BM, I think artistic licence is the Blogger's perogative don't you?! MH

Tara, I'll have to check for the labels MH

JGYG, you are indeed a fiercesome presence. I personally always quake before coming to see you and always double check I am wearing my organic underwear MH

Mud in the City said...

Wow! Now that's either hugely competitive or hugely paraniod. I don't think I'd have the energy.

Impressive organisational skills though!

you can take the girl out of essex said...
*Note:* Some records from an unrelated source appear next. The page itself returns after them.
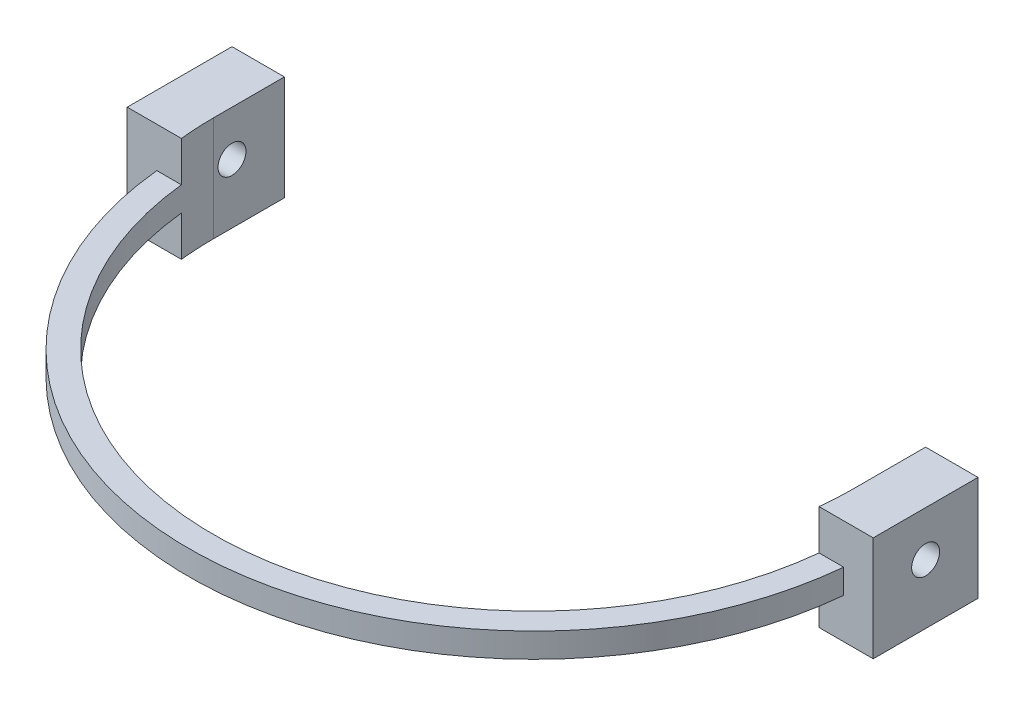
ISO-10303-21;
HEADER;
FILE_DESCRIPTION(('STEP AP214'),'2;1');
FILE_NAME('part.step','',(''),(''),'','','');
FILE_SCHEMA(('AUTOMOTIVE_DESIGN { 1 0 10303 214 1 1 1 1 }'));
ENDSEC;
DATA;
#1=APPLICATION_CONTEXT('core data for automotive mechanical design processes');
#2=APPLICATION_PROTOCOL_DEFINITION('international standard','automotive_design',2000,#1);
#3=PRODUCT_CONTEXT('',#1,'mechanical');
#4=PRODUCT('Part','Part','',(#3));
#5=PRODUCT_RELATED_PRODUCT_CATEGORY('part','',(#4));
#6=PRODUCT_DEFINITION_FORMATION('','',#4);
#7=PRODUCT_DEFINITION_CONTEXT('part definition',#1,'design');
#8=PRODUCT_DEFINITION('design','',#6,#7);
#9=PRODUCT_DEFINITION_SHAPE('','',#8);
#10=(LENGTH_UNIT() NAMED_UNIT(*) SI_UNIT(.MILLI.,.METRE.));
#11=(NAMED_UNIT(*) PLANE_ANGLE_UNIT() SI_UNIT($,.RADIAN.));
#12=(NAMED_UNIT(*) SI_UNIT($,.STERADIAN.) SOLID_ANGLE_UNIT());
#13=UNCERTAINTY_MEASURE_WITH_UNIT(LENGTH_MEASURE(1.E-05),#10,'distance_accuracy_value','');
#14=(GEOMETRIC_REPRESENTATION_CONTEXT(3) GLOBAL_UNCERTAINTY_ASSIGNED_CONTEXT((#13)) GLOBAL_UNIT_ASSIGNED_CONTEXT((#10,
#11,#12)) REPRESENTATION_CONTEXT('',''));
#15=CARTESIAN_POINT('',(0.,0.,0.));
#16=DIRECTION('',(0.,0.,1.));
#17=DIRECTION('',(1.,0.,0.));
#18=AXIS2_PLACEMENT_3D('',#15,#16,#17);
#19=CARTESIAN_POINT('',(0.,-60.,0.));
#20=DIRECTION('',(0.,1.,0.));
#21=DIRECTION('',(0.,0.,1.));
#22=AXIS2_PLACEMENT_3D('',#19,#20,#21);
#23=PLANE('',#22);
#24=DIRECTION('',(-1.,0.,0.));
#25=VECTOR('',#24,1.);
#26=CARTESIAN_POINT('',(0.,-60.,9.66920277869628));
#27=LINE('',#26,#25);
#28=CARTESIAN_POINT('',(106.805,-60.,9.66920277869628));
#29=VERTEX_POINT('',#28);
#30=CARTESIAN_POINT('',(91.2943839599373,-60.,9.66920277869628));
#31=VERTEX_POINT('',#30);
#32=EDGE_CURVE('E205',#29,#31,#27,.T.);
#33=ORIENTED_EDGE('',*,*,#32,.T.);
#34=CARTESIAN_POINT('',(0.,-60.,0.));
#35=DIRECTION('',(0.,1.,0.));
#36=DIRECTION('',(0.,0.,1.));
#37=AXIS2_PLACEMENT_3D('',#34,#35,#36);
#38=CIRCLE('',#37,91.805);
#39=CARTESIAN_POINT('',(91.805,-60.,0.));
#40=VERTEX_POINT('',#39);
#41=EDGE_CURVE('E60',#31,#40,#38,.T.);
#42=ORIENTED_EDGE('',*,*,#41,.T.);
#43=DIRECTION('',(0.,0.,-1.));
#44=VECTOR('',#43,1.);
#45=CARTESIAN_POINT('',(91.805,-60.,0.));
#46=LINE('',#45,#44);
#47=CARTESIAN_POINT('',(91.805,-60.,-20.3307972213037));
#48=VERTEX_POINT('',#47);
#49=EDGE_CURVE('E180',#40,#48,#46,.T.);
#50=ORIENTED_EDGE('',*,*,#49,.T.);
#51=DIRECTION('',(1.,0.,0.));
#52=VECTOR('',#51,1.);
#53=CARTESIAN_POINT('',(0.,-60.,-20.3307972213037));
#54=LINE('',#53,#52);
#55=CARTESIAN_POINT('',(106.805,-60.,-20.3307972213037));
#56=VERTEX_POINT('',#55);
#57=EDGE_CURVE('E183',#48,#56,#54,.T.);
#58=ORIENTED_EDGE('',*,*,#57,.T.);
#59=DIRECTION('',(0.,0.,1.));
#60=VECTOR('',#59,1.);
#61=CARTESIAN_POINT('',(106.805,-60.,0.));
#62=LINE('',#61,#60);
#63=EDGE_CURVE('E186',#56,#29,#62,.T.);
#64=ORIENTED_EDGE('',*,*,#63,.T.);
#65=EDGE_LOOP('',(#33,#42,#50,#58,#64));
#66=FACE_BOUND('',#65,.T.);
#67=ADVANCED_FACE('F37',(#66),#23,.F.);
#68=CARTESIAN_POINT('',(-106.805,-30.,98.805));
#69=DIRECTION('',(0.,-1.,0.));
#70=DIRECTION('',(1.,0.,0.));
#71=AXIS2_PLACEMENT_3D('',#68,#69,#70);
#72=PLANE('',#71);
#73=DIRECTION('',(1.,0.,0.));
#74=VECTOR('',#73,1.);
#75=CARTESIAN_POINT('',(0.,-30.,9.66920277869628));
#76=LINE('',#75,#74);
#77=CARTESIAN_POINT('',(-106.805,-30.,9.66920277869628));
#78=VERTEX_POINT('',#77);
#79=CARTESIAN_POINT('',(-91.2943839599373,-30.,9.66920277869628));
#80=VERTEX_POINT('',#79);
#81=EDGE_CURVE('E231',#78,#80,#76,.T.);
#82=ORIENTED_EDGE('',*,*,#81,.T.);
#83=CARTESIAN_POINT('',(0.,-30.,0.));
#84=DIRECTION('',(0.,-1.,0.));
#85=DIRECTION('',(1.,0.,0.));
#86=AXIS2_PLACEMENT_3D('',#83,#84,#85);
#87=CIRCLE('',#86,91.805);
#88=CARTESIAN_POINT('',(-91.805,-30.,0.));
#89=VERTEX_POINT('',#88);
#90=EDGE_CURVE('E52',#89,#80,#87,.F.);
#91=ORIENTED_EDGE('',*,*,#90,.F.);
#92=DIRECTION('',(0.,0.,-1.));
#93=VECTOR('',#92,1.);
#94=CARTESIAN_POINT('',(-91.805,-30.,0.));
#95=LINE('',#94,#93);
#96=CARTESIAN_POINT('',(-91.805,-30.,-20.3307972213037));
#97=VERTEX_POINT('',#96);
#98=EDGE_CURVE('E11',#89,#97,#95,.T.);
#99=ORIENTED_EDGE('',*,*,#98,.T.);
#100=DIRECTION('',(-1.,0.,0.));
#101=VECTOR('',#100,1.);
#102=CARTESIAN_POINT('',(0.,-30.,-20.3307972213037));
#103=LINE('',#102,#101);
#104=CARTESIAN_POINT('',(-106.805,-30.,-20.3307972213037));
#105=VERTEX_POINT('',#104);
#106=EDGE_CURVE('E218',#97,#105,#103,.T.);
#107=ORIENTED_EDGE('',*,*,#106,.T.);
#108=DIRECTION('',(0.,0.,-1.));
#109=VECTOR('',#108,1.);
#110=CARTESIAN_POINT('',(-106.805,-30.,98.805));
#111=LINE('',#110,#109);
#112=EDGE_CURVE('E214',#78,#105,#111,.T.);
#113=ORIENTED_EDGE('',*,*,#112,.F.);
#114=EDGE_LOOP('',(#82,#91,#99,#107,#113));
#115=FACE_BOUND('',#114,.T.);
#116=ADVANCED_FACE('F292',(#115),#72,.F.);
#117=CARTESIAN_POINT('',(0.,-60.,0.));
#118=DIRECTION('',(0.,1.,0.));
#119=DIRECTION('',(0.,0.,1.));
#120=AXIS2_PLACEMENT_3D('',#117,#118,#119);
#121=CYLINDRICAL_SURFACE('',#120,91.805);
#122=CARTESIAN_POINT('',(0.,-48.5,0.));
#123=DIRECTION('',(0.,1.,0.));
#124=DIRECTION('',(0.,0.,1.));
#125=AXIS2_PLACEMENT_3D('',#122,#123,#124);
#126=CIRCLE('',#125,91.805);
#127=CARTESIAN_POINT('',(91.2943839599373,-48.5,9.66920277869628));
#128=VERTEX_POINT('',#127);
#129=CARTESIAN_POINT('',(-91.2943839599373,-48.5,9.66920277869628));
#130=VERTEX_POINT('',#129);
#131=EDGE_CURVE('E314',#128,#130,#126,.F.);
#132=ORIENTED_EDGE('',*,*,#131,.T.);
#133=DIRECTION('',(0.,1.,0.));
#134=VECTOR('',#133,1.);
#135=CARTESIAN_POINT('',(-91.2943839599373,-60.,9.66920277869628));
#136=LINE('',#135,#134);
#137=CARTESIAN_POINT('',(-91.2943839599373,-60.,9.66920277869628));
#138=VERTEX_POINT('',#137);
#139=EDGE_CURVE('E156',#130,#138,#136,.F.);
#140=ORIENTED_EDGE('',*,*,#139,.T.);
#141=CARTESIAN_POINT('',(-91.805,-60.,0.));
#142=VERTEX_POINT('',#141);
#143=EDGE_CURVE('E234',#142,#138,#38,.T.);
#144=ORIENTED_EDGE('',*,*,#143,.F.);
#145=DIRECTION('',(0.,1.,0.));
#146=VECTOR('',#145,1.);
#147=CARTESIAN_POINT('',(-91.805,-60.,0.));
#148=LINE('',#147,#146);
#149=EDGE_CURVE('E178',#142,#89,#148,.T.);
#150=ORIENTED_EDGE('',*,*,#149,.T.);
#151=ORIENTED_EDGE('',*,*,#90,.T.);
#152=DIRECTION('',(0.,1.,0.));
#153=VECTOR('',#152,1.);
#154=CARTESIAN_POINT('',(-91.2943839599373,-60.,9.66920277869628));
#155=LINE('',#154,#153);
#156=CARTESIAN_POINT('',(-91.2943839599373,-41.5,9.66920277869628));
#157=VERTEX_POINT('',#156);
#158=EDGE_CURVE('E264',#80,#157,#155,.F.);
#159=ORIENTED_EDGE('',*,*,#158,.T.);
#160=CARTESIAN_POINT('',(0.,-41.5,0.));
#161=DIRECTION('',(0.,-1.,0.));
#162=DIRECTION('',(1.,0.,0.));
#163=AXIS2_PLACEMENT_3D('',#160,#161,#162);
#164=CIRCLE('',#163,91.805);
#165=CARTESIAN_POINT('',(91.2943839599373,-41.5,9.66920277869628));
#166=VERTEX_POINT('',#165);
#167=EDGE_CURVE('E261',#157,#166,#164,.F.);
#168=ORIENTED_EDGE('',*,*,#167,.T.);
#169=DIRECTION('',(0.,1.,0.));
#170=VECTOR('',#169,1.);
#171=CARTESIAN_POINT('',(91.2943839599373,-60.,9.66920277869628));
#172=LINE('',#171,#170);
#173=CARTESIAN_POINT('',(91.2943839599373,-30.,9.66920277869628));
#174=VERTEX_POINT('',#173);
#175=EDGE_CURVE('E259',#166,#174,#172,.T.);
#176=ORIENTED_EDGE('',*,*,#175,.T.);
#177=CARTESIAN_POINT('',(91.805,-30.,0.));
#178=VERTEX_POINT('',#177);
#179=EDGE_CURVE('E224',#174,#178,#87,.F.);
#180=ORIENTED_EDGE('',*,*,#179,.T.);
#181=DIRECTION('',(0.,1.,0.));
#182=VECTOR('',#181,1.);
#183=CARTESIAN_POINT('',(91.805,-60.,0.));
#184=LINE('',#183,#182);
#185=EDGE_CURVE('E46',#40,#178,#184,.T.);
#186=ORIENTED_EDGE('',*,*,#185,.F.);
#187=ORIENTED_EDGE('',*,*,#41,.F.);
#188=DIRECTION('',(0.,1.,0.));
#189=VECTOR('',#188,1.);
#190=CARTESIAN_POINT('',(91.2943839599373,-60.,9.66920277869628));
#191=LINE('',#190,#189);
#192=EDGE_CURVE('E157',#31,#128,#191,.T.);
#193=ORIENTED_EDGE('',*,*,#192,.T.);
#194=EDGE_LOOP('',(#132,#140,#144,#150,#151,#159,#168,#176,#180,#186,#187,#193));
#195=FACE_BOUND('',#194,.T.);
#196=ADVANCED_FACE('F39',(#195),#121,.F.);
#197=CARTESIAN_POINT('',(91.805,-60.,0.));
#198=DIRECTION('',(1.,0.,0.));
#199=DIRECTION('',(0.,0.,-1.));
#200=AXIS2_PLACEMENT_3D('',#197,#198,#199);
#201=PLANE('',#200);
#202=CARTESIAN_POINT('',(91.805,-42.92674227,-5.33079722130372));
#203=DIRECTION('',(1.,0.,0.));
#204=DIRECTION('',(0.,0.,-1.));
#205=AXIS2_PLACEMENT_3D('',#202,#203,#204);
#206=CIRCLE('',#205,4.00000000000001);
#207=CARTESIAN_POINT('',(91.805,-42.92674227,-9.33079722130372));
#208=VERTEX_POINT('',#207);
#209=EDGE_CURVE('E215',#208,#208,#206,.T.);
#210=ORIENTED_EDGE('',*,*,#209,.T.);
#211=EDGE_LOOP('',(#210));
#212=FACE_BOUND('',#211,.T.);
#213=ORIENTED_EDGE('',*,*,#185,.T.);
#214=DIRECTION('',(0.,0.,-1.));
#215=VECTOR('',#214,1.);
#216=CARTESIAN_POINT('',(91.805,-30.,0.));
#217=LINE('',#216,#215);
#218=CARTESIAN_POINT('',(91.805,-30.,-20.3307972213037));
#219=VERTEX_POINT('',#218);
#220=EDGE_CURVE('E226',#178,#219,#217,.T.);
#221=ORIENTED_EDGE('',*,*,#220,.T.);
#222=DIRECTION('',(0.,1.,0.));
#223=VECTOR('',#222,1.);
#224=CARTESIAN_POINT('',(91.805,-60.,-20.3307972213037));
#225=LINE('',#224,#223);
#226=EDGE_CURVE('E192',#48,#219,#225,.T.);
#227=ORIENTED_EDGE('',*,*,#226,.F.);
#228=ORIENTED_EDGE('',*,*,#49,.F.);
#229=EDGE_LOOP('',(#213,#221,#227,#228));
#230=FACE_BOUND('',#229,.T.);
#231=ADVANCED_FACE('F255',(#212,#230),#201,.F.);
#232=CARTESIAN_POINT('',(0.,-60.,-20.3307972213037));
#233=DIRECTION('',(0.,0.,1.));
#234=DIRECTION('',(1.,0.,0.));
#235=AXIS2_PLACEMENT_3D('',#232,#233,#234);
#236=PLANE('',#235);
#237=ORIENTED_EDGE('',*,*,#226,.T.);
#238=DIRECTION('',(1.,0.,0.));
#239=VECTOR('',#238,1.);
#240=CARTESIAN_POINT('',(0.,-30.,-20.3307972213037));
#241=LINE('',#240,#239);
#242=CARTESIAN_POINT('',(106.805,-30.,-20.3307972213037));
#243=VERTEX_POINT('',#242);
#244=EDGE_CURVE('E229',#219,#243,#241,.T.);
#245=ORIENTED_EDGE('',*,*,#244,.T.);
#246=DIRECTION('',(0.,1.,0.));
#247=VECTOR('',#246,1.);
#248=CARTESIAN_POINT('',(106.805,-60.,-20.3307972213037));
#249=LINE('',#248,#247);
#250=EDGE_CURVE('E195',#56,#243,#249,.T.);
#251=ORIENTED_EDGE('',*,*,#250,.F.);
#252=ORIENTED_EDGE('',*,*,#57,.F.);
#253=EDGE_LOOP('',(#237,#245,#251,#252));
#254=FACE_BOUND('',#253,.T.);
#255=ADVANCED_FACE('F250',(#254),#236,.F.);
#256=CARTESIAN_POINT('',(106.805,-60.,0.));
#257=DIRECTION('',(-1.,0.,0.));
#258=DIRECTION('',(0.,0.,1.));
#259=AXIS2_PLACEMENT_3D('',#256,#257,#258);
#260=PLANE('',#259);
#261=CARTESIAN_POINT('',(106.805,-42.92674227,-5.33079722130372));
#262=DIRECTION('',(1.,0.,0.));
#263=DIRECTION('',(0.,0.,-1.));
#264=AXIS2_PLACEMENT_3D('',#261,#262,#263);
#265=CIRCLE('',#264,4.00000000000001);
#266=CARTESIAN_POINT('',(106.805,-42.92674227,-9.33079722130372));
#267=VERTEX_POINT('',#266);
#268=EDGE_CURVE('E273',#267,#267,#265,.T.);
#269=ORIENTED_EDGE('',*,*,#268,.F.);
#270=EDGE_LOOP('',(#269));
#271=FACE_BOUND('',#270,.T.);
#272=ORIENTED_EDGE('',*,*,#250,.T.);
#273=DIRECTION('',(0.,0.,-1.));
#274=VECTOR('',#273,1.);
#275=CARTESIAN_POINT('',(106.805,-30.,98.805));
#276=LINE('',#275,#274);
#277=CARTESIAN_POINT('',(106.805,-30.,9.66920277869628));
#278=VERTEX_POINT('',#277);
#279=EDGE_CURVE('E210',#278,#243,#276,.T.);
#280=ORIENTED_EDGE('',*,*,#279,.F.);
#281=DIRECTION('',(0.,1.,0.));
#282=VECTOR('',#281,1.);
#283=CARTESIAN_POINT('',(106.805,-60.,9.66920277869628));
#284=LINE('',#283,#282);
#285=EDGE_CURVE('E166',#29,#278,#284,.T.);
#286=ORIENTED_EDGE('',*,*,#285,.F.);
#287=ORIENTED_EDGE('',*,*,#63,.F.);
#288=EDGE_LOOP('',(#272,#280,#286,#287));
#289=FACE_BOUND('',#288,.T.);
#290=ADVANCED_FACE('F209',(#271,#289),#260,.F.);
#291=CARTESIAN_POINT('',(0.,-60.,9.66920277869628));
#292=DIRECTION('',(0.,0.,-1.));
#293=DIRECTION('',(-1.,0.,0.));
#294=AXIS2_PLACEMENT_3D('',#291,#292,#293);
#295=PLANE('',#294);
#296=ORIENTED_EDGE('',*,*,#285,.T.);
#297=DIRECTION('',(-1.,0.,0.));
#298=VECTOR('',#297,1.);
#299=CARTESIAN_POINT('',(0.,-30.,9.66920277869628));
#300=LINE('',#299,#298);
#301=EDGE_CURVE('E202',#278,#174,#300,.T.);
#302=ORIENTED_EDGE('',*,*,#301,.T.);
#303=ORIENTED_EDGE('',*,*,#175,.F.);
#304=DIRECTION('',(-1.,0.,0.));
#305=VECTOR('',#304,1.);
#306=CARTESIAN_POINT('',(98.3307405780331,-41.5,9.66920277869628));
#307=LINE('',#306,#305);
#308=CARTESIAN_POINT('',(98.3307405780331,-41.5,9.66920277869628));
#309=VERTEX_POINT('',#308);
#310=EDGE_CURVE('E265',#309,#166,#307,.T.);
#311=ORIENTED_EDGE('',*,*,#310,.F.);
#312=DIRECTION('',(0.,1.,0.));
#313=VECTOR('',#312,1.);
#314=CARTESIAN_POINT('',(98.3307405780331,-60.,9.66920277869628));
#315=LINE('',#314,#313);
#316=CARTESIAN_POINT('',(98.3307405780331,-48.5,9.66920277869628));
#317=VERTEX_POINT('',#316);
#318=EDGE_CURVE('E163',#317,#309,#315,.T.);
#319=ORIENTED_EDGE('',*,*,#318,.F.);
#320=DIRECTION('',(1.,0.,0.));
#321=VECTOR('',#320,1.);
#322=CARTESIAN_POINT('',(-98.3307405780331,-48.5,9.66920277869628));
#323=LINE('',#322,#321);
#324=EDGE_CURVE('E144',#128,#317,#323,.T.);
#325=ORIENTED_EDGE('',*,*,#324,.F.);
#326=ORIENTED_EDGE('',*,*,#192,.F.);
#327=ORIENTED_EDGE('',*,*,#32,.F.);
#328=EDGE_LOOP('',(#296,#302,#303,#311,#319,#325,#326,#327));
#329=FACE_BOUND('',#328,.T.);
#330=ADVANCED_FACE('F201',(#329),#295,.F.);
#331=CARTESIAN_POINT('',(0.,-60.,0.));
#332=DIRECTION('',(0.,1.,0.));
#333=DIRECTION('',(0.,0.,1.));
#334=AXIS2_PLACEMENT_3D('',#331,#332,#333);
#335=CYLINDRICAL_SURFACE('',#334,98.805);
#336=CARTESIAN_POINT('',(0.,-48.5,0.));
#337=DIRECTION('',(0.,-1.,0.));
#338=DIRECTION('',(0.,0.,1.));
#339=AXIS2_PLACEMENT_3D('',#336,#337,#338);
#340=CIRCLE('',#339,98.805);
#341=CARTESIAN_POINT('',(-98.3307405780331,-48.5,9.66920277869628));
#342=VERTEX_POINT('',#341);
#343=EDGE_CURVE('E138',#317,#342,#340,.T.);
#344=ORIENTED_EDGE('',*,*,#343,.F.);
#345=ORIENTED_EDGE('',*,*,#318,.T.);
#346=CARTESIAN_POINT('',(0.,-41.5,0.));
#347=DIRECTION('',(0.,1.,0.));
#348=DIRECTION('',(1.,0.,0.));
#349=AXIS2_PLACEMENT_3D('',#346,#347,#348);
#350=CIRCLE('',#349,98.805);
#351=CARTESIAN_POINT('',(-98.3307405780331,-41.5,9.66920277869628));
#352=VERTEX_POINT('',#351);
#353=EDGE_CURVE('E162',#352,#309,#350,.T.);
#354=ORIENTED_EDGE('',*,*,#353,.F.);
#355=DIRECTION('',(0.,1.,0.));
#356=VECTOR('',#355,1.);
#357=CARTESIAN_POINT('',(-98.3307405780331,-60.,9.66920277869628));
#358=LINE('',#357,#356);
#359=EDGE_CURVE('E153',#342,#352,#358,.T.);
#360=ORIENTED_EDGE('',*,*,#359,.F.);
#361=EDGE_LOOP('',(#344,#345,#354,#360));
#362=FACE_BOUND('',#361,.T.);
#363=ADVANCED_FACE('F160',(#362),#335,.T.);
#364=CARTESIAN_POINT('',(0.,-60.,9.66920277869628));
#365=DIRECTION('',(0.,0.,1.));
#366=DIRECTION('',(1.,0.,0.));
#367=AXIS2_PLACEMENT_3D('',#364,#365,#366);
#368=PLANE('',#367);
#369=ORIENTED_EDGE('',*,*,#81,.F.);
#370=DIRECTION('',(0.,1.,0.));
#371=VECTOR('',#370,1.);
#372=CARTESIAN_POINT('',(-106.805,-60.,9.66920277869628));
#373=LINE('',#372,#371);
#374=CARTESIAN_POINT('',(-106.805,-60.,9.66920277869628));
#375=VERTEX_POINT('',#374);
#376=EDGE_CURVE('E164',#375,#78,#373,.T.);
#377=ORIENTED_EDGE('',*,*,#376,.F.);
#378=DIRECTION('',(1.,0.,0.));
#379=VECTOR('',#378,1.);
#380=CARTESIAN_POINT('',(0.,-60.,9.66920277869628));
#381=LINE('',#380,#379);
#382=EDGE_CURVE('E246',#375,#138,#381,.T.);
#383=ORIENTED_EDGE('',*,*,#382,.T.);
#384=ORIENTED_EDGE('',*,*,#139,.F.);
#385=EDGE_CURVE('E141',#342,#130,#323,.T.);
#386=ORIENTED_EDGE('',*,*,#385,.F.);
#387=ORIENTED_EDGE('',*,*,#359,.T.);
#388=EDGE_CURVE('E268',#157,#352,#307,.T.);
#389=ORIENTED_EDGE('',*,*,#388,.F.);
#390=ORIENTED_EDGE('',*,*,#158,.F.);
#391=EDGE_LOOP('',(#369,#377,#383,#384,#386,#387,#389,#390));
#392=FACE_BOUND('',#391,.T.);
#393=ADVANCED_FACE('F151',(#392),#368,.T.);
#394=CARTESIAN_POINT('',(-106.805,-60.,0.));
#395=DIRECTION('',(-1.,0.,0.));
#396=DIRECTION('',(0.,0.,1.));
#397=AXIS2_PLACEMENT_3D('',#394,#395,#396);
#398=PLANE('',#397);
#399=CARTESIAN_POINT('',(-106.805,-42.92674227,-5.33079722130372));
#400=DIRECTION('',(1.,0.,0.));
#401=DIRECTION('',(0.,0.,-1.));
#402=AXIS2_PLACEMENT_3D('',#399,#400,#401);
#403=CIRCLE('',#402,4.00000000000001);
#404=CARTESIAN_POINT('',(-106.805,-42.92674227,-9.33079722130372));
#405=VERTEX_POINT('',#404);
#406=EDGE_CURVE('E274',#405,#405,#403,.T.);
#407=ORIENTED_EDGE('',*,*,#406,.T.);
#408=EDGE_LOOP('',(#407));
#409=FACE_BOUND('',#408,.T.);
#410=ORIENTED_EDGE('',*,*,#112,.T.);
#411=DIRECTION('',(0.,1.,0.));
#412=VECTOR('',#411,1.);
#413=CARTESIAN_POINT('',(-106.805,-60.,-20.3307972213037));
#414=LINE('',#413,#412);
#415=CARTESIAN_POINT('',(-106.805,-60.,-20.3307972213037));
#416=VERTEX_POINT('',#415);
#417=EDGE_CURVE('E169',#416,#105,#414,.T.);
#418=ORIENTED_EDGE('',*,*,#417,.F.);
#419=DIRECTION('',(0.,0.,1.));
#420=VECTOR('',#419,1.);
#421=CARTESIAN_POINT('',(-106.805,-60.,0.));
#422=LINE('',#421,#420);
#423=EDGE_CURVE('E243',#416,#375,#422,.T.);
#424=ORIENTED_EDGE('',*,*,#423,.T.);
#425=ORIENTED_EDGE('',*,*,#376,.T.);
#426=EDGE_LOOP('',(#410,#418,#424,#425));
#427=FACE_BOUND('',#426,.T.);
#428=ADVANCED_FACE('F322',(#409,#427),#398,.T.);
#429=CARTESIAN_POINT('',(0.,-60.,-20.3307972213037));
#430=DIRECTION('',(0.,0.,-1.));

surely if she were a real mum about town she would make her own bread and freeze the crusts for the ducks! i love it x

Ernest de Cugnac said...

one is stunned. i think you need casually to slip ibs or diverticulitus into the next conversation.

Irene said...

I think this Kate woman is off her rocker and needs to come and join the real world. Sorry, that sounds kind of harsh. So, the ducks are very healthy and her children are chronically constipated? And they can't whistle because they don't eat the crusts of their bread? She sounds like a neurotic character in a Woody Allen movie. A very sad woman indeed.

Working mum said...

Priceless! Also a bit bonkers. Does she know it's nearly £1.40 a loaf now and she's feeding the good stuff to the ducks?!

Millennium Housewife said...

Mud, paranoid, definitely paranoid

Essex, is that what you do? Impressive!

Earnest, slip was a good word for that comment LOL

Irene a bit of artistic licence is allowed don't you think?!

WM it's only 20p or something for no frills white sliced, the savings from that probably pay for it.

Mom/Mum said...

Did I read that right??? Gerraloife-Kate
So glad I found you blog. I'll deffo keep reading.

Millennium Housewife said...

Thanks Mom/mum, coming over to yours

Samurai Beetle said...

Hey I grew up on homemade white bread so I'm all for it! I did manage to switch to wheat 1 year before having baby so that's one less "bad" carb to worry about! Sounds like you have an interesting friend.